So you are probably looking at your bookshelf thinking, “I have a really nice collection of Tolkien works.” You may even have a few first editions in there which cost you a pretty penny (hey, why do you have TWO kidneys anyway?). The Tolkien bookstore is now offering some neat additions for your library.
The online Tolkien bookshop is now reprinting rare editions of lesser known works. Included in these elegant volumes is English and Medieval Studies: Presented to J.R.R. Tolkien on the Occasion of His Seventieth Birthday. Also included is a text influential to Tolkien, The Saga of King Heidrek the Wise edited by Christopher Tolkien.
“Professor J. R. R. Tolkien retired in 1959 from the Merton Professorship of English language and Literature in the University of Oxford, which he had held since 1945. Before that he had been Rawlinson and Bosworth Professor of Anglo-Saxon at Oxford and Professor of the English Language in the University of Leeds.
In recognition of the great contributions to English philology and medieval literature that he made over this long period, twenty-two former pupils, friends and colleagues from this county and abroad have combined to offer him a volume of studies in honour of his seventieth birthday in 1962. The essays mainly deal with subjects close to his own interests – the character and the metre of Old English poetry, the Ancrene Riwle, Piers Plowman, Chaucer, various more general aspects of medieval literature, and some of the links between Old Norse and English. The book is edited by Professor Tolkien’s successors in his two Oxford chairs, C. L. Wrenn and Norman Davies, and includes the following essays: ‘The Old English Epic Style’ by A. Campbell; ‘The Appreciation of Old English Metre’ by A’ J. Bliss; ‘King Alfred’s Last War’ by M. E. Griffiths; ‘Six Questions of Old and Middle English Morphology’ by C. E. Bazell; ‘Studies in Late West Saxon Labialization and Delabialization’ by Pamela Gradon; ‘The Bodmer Fragment of Ælfic’s Homily for Septuagesima Sunday’ by N. R. Ker; ‘A Neglected Manuscript of British History’ by S. R. T. O. d’Ardenne; ‘ormulum: Words copied by Jan van Vliet from parts now lost’ by R. W. Burchfield; Norse Alliterative Phrases in the Ormulum’ by E. S. Olszewska;‘The Affiliations of the manuscripts of Ancrene Wisse’ by E. J. Dobson; ‘God and Man in Troilus and Criseyde’ by T. P. Dunning; ‘Chaucer’s Translation of the Bible’ by W. Meredith Thompson; ‘God’s Wenches and the Light that Spoke (a note on Langland’s kind of poetry)’ by Nevill Coghill; ‘ The Anthropological Approach’ by C. S. Lewis”
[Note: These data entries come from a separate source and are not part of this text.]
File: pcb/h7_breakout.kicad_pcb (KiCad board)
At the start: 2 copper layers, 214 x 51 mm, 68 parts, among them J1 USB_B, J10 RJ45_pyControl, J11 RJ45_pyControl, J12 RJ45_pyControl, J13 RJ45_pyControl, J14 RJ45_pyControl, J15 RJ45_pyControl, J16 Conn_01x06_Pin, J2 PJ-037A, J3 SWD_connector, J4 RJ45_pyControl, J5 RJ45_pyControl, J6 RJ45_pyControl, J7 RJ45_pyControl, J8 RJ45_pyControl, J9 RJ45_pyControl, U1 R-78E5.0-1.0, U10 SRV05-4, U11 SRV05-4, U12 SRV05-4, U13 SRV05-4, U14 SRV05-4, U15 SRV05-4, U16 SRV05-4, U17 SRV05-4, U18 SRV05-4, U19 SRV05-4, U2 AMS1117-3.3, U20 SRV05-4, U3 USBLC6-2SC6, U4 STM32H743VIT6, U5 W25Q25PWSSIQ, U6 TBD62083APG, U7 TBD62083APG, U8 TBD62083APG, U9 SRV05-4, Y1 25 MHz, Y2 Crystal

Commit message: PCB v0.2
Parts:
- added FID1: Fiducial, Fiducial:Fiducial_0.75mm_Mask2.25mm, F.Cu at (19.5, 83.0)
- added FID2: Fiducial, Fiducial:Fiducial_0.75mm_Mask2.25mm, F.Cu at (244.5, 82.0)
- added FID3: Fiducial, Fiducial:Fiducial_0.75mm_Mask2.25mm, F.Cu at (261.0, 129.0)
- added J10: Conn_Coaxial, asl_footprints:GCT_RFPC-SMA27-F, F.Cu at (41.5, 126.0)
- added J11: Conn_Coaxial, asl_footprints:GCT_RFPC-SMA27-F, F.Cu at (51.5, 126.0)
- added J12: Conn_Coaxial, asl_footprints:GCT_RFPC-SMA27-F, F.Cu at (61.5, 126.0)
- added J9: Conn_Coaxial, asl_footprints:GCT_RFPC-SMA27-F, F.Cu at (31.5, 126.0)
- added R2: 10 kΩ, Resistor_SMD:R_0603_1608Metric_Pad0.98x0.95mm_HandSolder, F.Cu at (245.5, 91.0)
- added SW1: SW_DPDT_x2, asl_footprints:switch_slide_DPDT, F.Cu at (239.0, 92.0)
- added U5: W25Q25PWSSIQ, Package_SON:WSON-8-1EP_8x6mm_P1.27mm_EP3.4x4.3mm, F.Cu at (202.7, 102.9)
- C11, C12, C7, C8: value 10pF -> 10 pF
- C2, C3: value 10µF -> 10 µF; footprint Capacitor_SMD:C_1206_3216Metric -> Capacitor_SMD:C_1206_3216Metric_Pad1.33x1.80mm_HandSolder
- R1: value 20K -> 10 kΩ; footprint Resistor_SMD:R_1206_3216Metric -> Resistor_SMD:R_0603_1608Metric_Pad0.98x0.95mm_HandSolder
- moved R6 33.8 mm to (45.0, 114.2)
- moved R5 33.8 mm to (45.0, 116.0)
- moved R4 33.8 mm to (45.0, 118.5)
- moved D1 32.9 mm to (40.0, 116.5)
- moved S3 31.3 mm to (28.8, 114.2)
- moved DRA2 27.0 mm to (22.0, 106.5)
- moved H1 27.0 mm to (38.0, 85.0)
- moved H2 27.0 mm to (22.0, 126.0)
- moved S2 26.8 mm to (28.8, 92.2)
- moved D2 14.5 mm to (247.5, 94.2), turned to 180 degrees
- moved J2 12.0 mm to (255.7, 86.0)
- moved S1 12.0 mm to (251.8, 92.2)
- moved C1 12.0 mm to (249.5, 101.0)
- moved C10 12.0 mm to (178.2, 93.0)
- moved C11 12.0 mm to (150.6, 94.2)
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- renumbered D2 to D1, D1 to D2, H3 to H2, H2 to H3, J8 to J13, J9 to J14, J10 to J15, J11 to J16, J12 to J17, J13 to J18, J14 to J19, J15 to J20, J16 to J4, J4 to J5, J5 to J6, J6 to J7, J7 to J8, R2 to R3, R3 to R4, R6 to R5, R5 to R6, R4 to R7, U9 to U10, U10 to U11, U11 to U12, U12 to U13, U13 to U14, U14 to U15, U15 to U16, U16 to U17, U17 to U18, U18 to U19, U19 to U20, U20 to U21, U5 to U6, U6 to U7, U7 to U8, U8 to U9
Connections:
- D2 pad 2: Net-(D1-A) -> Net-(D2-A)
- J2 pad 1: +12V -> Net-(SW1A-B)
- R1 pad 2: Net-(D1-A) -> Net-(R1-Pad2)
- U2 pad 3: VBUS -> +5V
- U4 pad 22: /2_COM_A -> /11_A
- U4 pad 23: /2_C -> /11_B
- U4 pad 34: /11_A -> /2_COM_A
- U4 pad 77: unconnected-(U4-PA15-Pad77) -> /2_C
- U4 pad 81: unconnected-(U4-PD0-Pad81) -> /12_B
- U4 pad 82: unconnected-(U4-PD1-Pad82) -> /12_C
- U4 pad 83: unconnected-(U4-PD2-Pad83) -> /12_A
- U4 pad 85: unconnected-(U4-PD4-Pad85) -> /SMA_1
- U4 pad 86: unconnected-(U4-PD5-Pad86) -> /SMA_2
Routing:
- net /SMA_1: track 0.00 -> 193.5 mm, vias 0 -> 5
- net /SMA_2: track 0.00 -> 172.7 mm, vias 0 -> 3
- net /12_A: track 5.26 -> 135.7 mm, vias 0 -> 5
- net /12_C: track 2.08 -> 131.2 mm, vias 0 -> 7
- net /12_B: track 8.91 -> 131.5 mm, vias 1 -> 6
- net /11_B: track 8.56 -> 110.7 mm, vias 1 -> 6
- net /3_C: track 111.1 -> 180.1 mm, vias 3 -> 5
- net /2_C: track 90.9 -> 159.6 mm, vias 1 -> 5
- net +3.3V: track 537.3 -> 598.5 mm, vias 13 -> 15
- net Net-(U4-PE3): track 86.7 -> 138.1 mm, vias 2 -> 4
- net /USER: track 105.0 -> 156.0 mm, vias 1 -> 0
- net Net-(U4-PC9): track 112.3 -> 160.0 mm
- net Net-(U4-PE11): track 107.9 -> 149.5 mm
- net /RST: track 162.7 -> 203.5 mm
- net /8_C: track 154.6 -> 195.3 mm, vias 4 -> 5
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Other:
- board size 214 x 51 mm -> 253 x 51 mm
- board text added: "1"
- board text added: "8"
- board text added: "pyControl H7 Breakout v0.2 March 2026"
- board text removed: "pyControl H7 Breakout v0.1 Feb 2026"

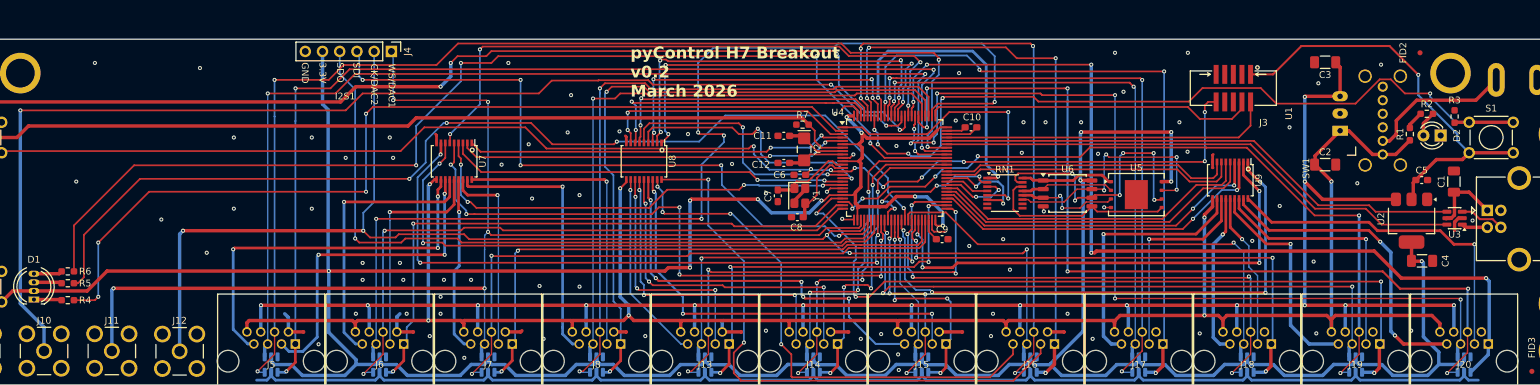
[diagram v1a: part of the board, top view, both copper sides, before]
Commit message: PCB v0.3
don't short the power supply with the on/off switch 🤦
flipped UART4 pins. TX(4_A)/RX(4_B) was PC11(79)/PC10(78), now PC10(78)/PC11(79)
connect Vref to 3.3V so DAC works
change RGB LEDs to 10k
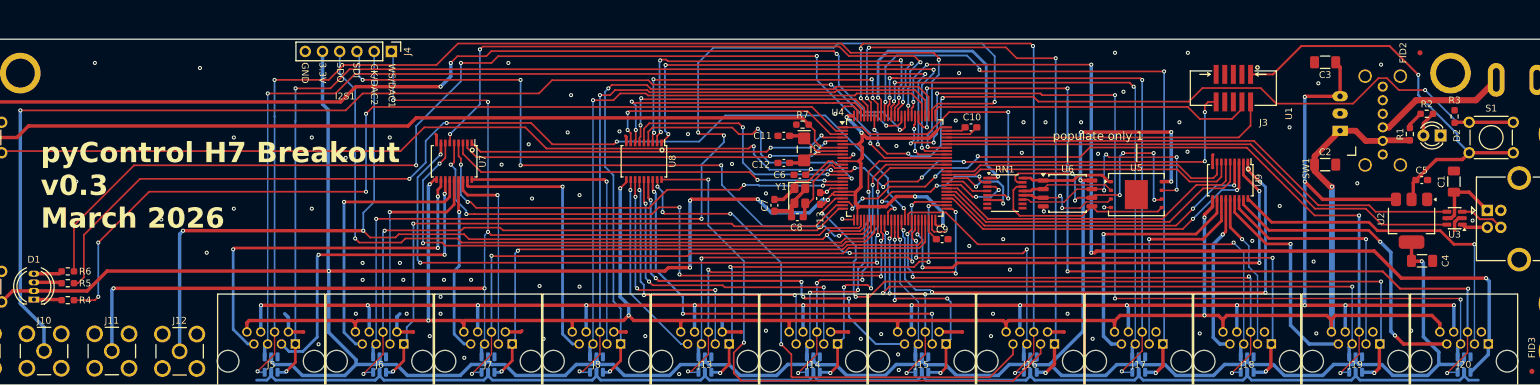
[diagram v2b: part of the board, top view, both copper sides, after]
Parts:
- added C13: 100 nF, Capacitor_SMD:C_0603_1608Metric_Pad1.08x0.95mm_HandSolder, F.Cu at (156.0, 103.5)
- D1: value RGB_LED -> WP154A4SEJ3VBDZGW/CA
- D2: value 12_LED -> 151031VS06000
- H1, H2, H3, H4: value Threaded_Standoff -> 9774130360R
- J10, J11, J12, J9: value Conn_Coaxial -> RFPC-SMA27-F
- R1, R2, R3, R7: value 10 kΩ -> 10 KΩ
- R4, R5: value 91 Ω -> 10 KΩ
- R6: value 6.8Ω -> 10 KΩ
- S1, S2, S3: value TS02-66 -> TS02-66-170-BK-260-LCR-D
- SW1: value SW_DPDT_x2 -> 1825263-1
- U10, U11, U12, U13, U14, U15, U16, U17, U18, U19, U20, U21: value SRV05-4 -> D1213A-04TS-7
- U5: value W25Q25PWSSIQ -> W25Q256JVEIQ
- moved C7 1.49 mm to (149.2, 104.5)
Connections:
- J2 pad 1: Net-(SW1A-B) -> Net-(SW1A-C)
- SW1 pad 1: +12V -> unconnected-(SW1A-A-Pad1)
- SW1 pad 2: Net-(SW1A-B) -> +12V
- SW1 pad 3: GND -> Net-(SW1A-C)
- U4 pad 20: unconnected-(U4-VREF+-Pad20) -> +3.3V
- U4 pad 78: /4_B -> /4_A
- U4 pad 79: /4_A -> /4_B
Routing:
- net Net-(SW1A-B): track 21.6 -> 0.00 mm
- net Net-(SW1A-C): track 0.00 -> 19.6 mm
- net GND: track 255.3 -> 261.1 mm
- net +3.3V: track 598.5 -> 603.6 mm
- net /4_B: track 97.7 -> 95.4 mm
- net /11_A: track 114.5 -> 113.0 mm
- net +12V: track 303.7 -> 302.3 mm
- net /4_A: track 94.8 -> 96.0 mm
- net Net-(U4-PH0): track 12.0 -> 13.0 mm
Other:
- board text added: "populate only 1"
- board text added: "pyControl H7 Breakout v${REVISION} March 2026"
- board text removed: "pyControl H7 Breakout v0.2 March 2026"

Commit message: PCB v0.4
- was 2 layer, now 4 layer board
- was USB type B, now USB type C connector
- was SMA coaxial connectors, now BNC
- was 12 ports, now 10 ports
- added POW_C pins to 2 of the ports
- added8 extra GPIOs, 2 POW pins, and 5V/12V/GND rails on 16 pin terminal block
- 4 user buttons instead of 1
- 4 3mm LEDs instead of single RGB led
- removed SWD connector
- update to KiCAD 10
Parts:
- removed the D1 at (40.0, 116.5)
- removed the J1 at (254.4, 105.2)
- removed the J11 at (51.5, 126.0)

“Heidrek’s Saga is a medieval entertainment – a ‘romance’, but a romance that derives little of its matter from the literature of France or Germany. It is an example of a kind of story-telling that was flourishing in Iceland by the beginning of the twelfth century, and which (in contrast to the more celebrated ‘Sagas of the Icelanders’) told of legendary figures whose origins lie far back in time beyond the settlement of the country. The elements of the story, diverse in age and atmosphere, are unified in the theme of a possession bearing an ancestral curse, as it passes down the generations; but the saga’s peculiar value lies in the older poems which the unknown author set into the framework of his narrative, including The Battle of the Goths and the Huns, perhaps the oldest of all the Northern heroic lays, The Waking of Angantyr, source of many eighteenth-century ‘Gothic Odes’, and the unique riddle-contest between King Heidrek and the god Odin in disguise.
Translated from the Icelandic with Introduction, Notes and Appendices by Christopher Tolkien, then Lecturer in Old English at New College, Oxford, The Saga of King Heidrek the Wise was first published in 1960 in Nelson’s Icelandic Texts series and has since become extremely difficult to obtain. Marking its fiftieth anniversary of publication, this new hardback edition reproduces the original text so that new academics and devotees may once again study and enjoy the prose and the poetry of this famous saga from the same tradition as The Legend of Sigurd and Gudrun, which under Christopher Tolkien’s editorship became a worthy best-seller in 2009.”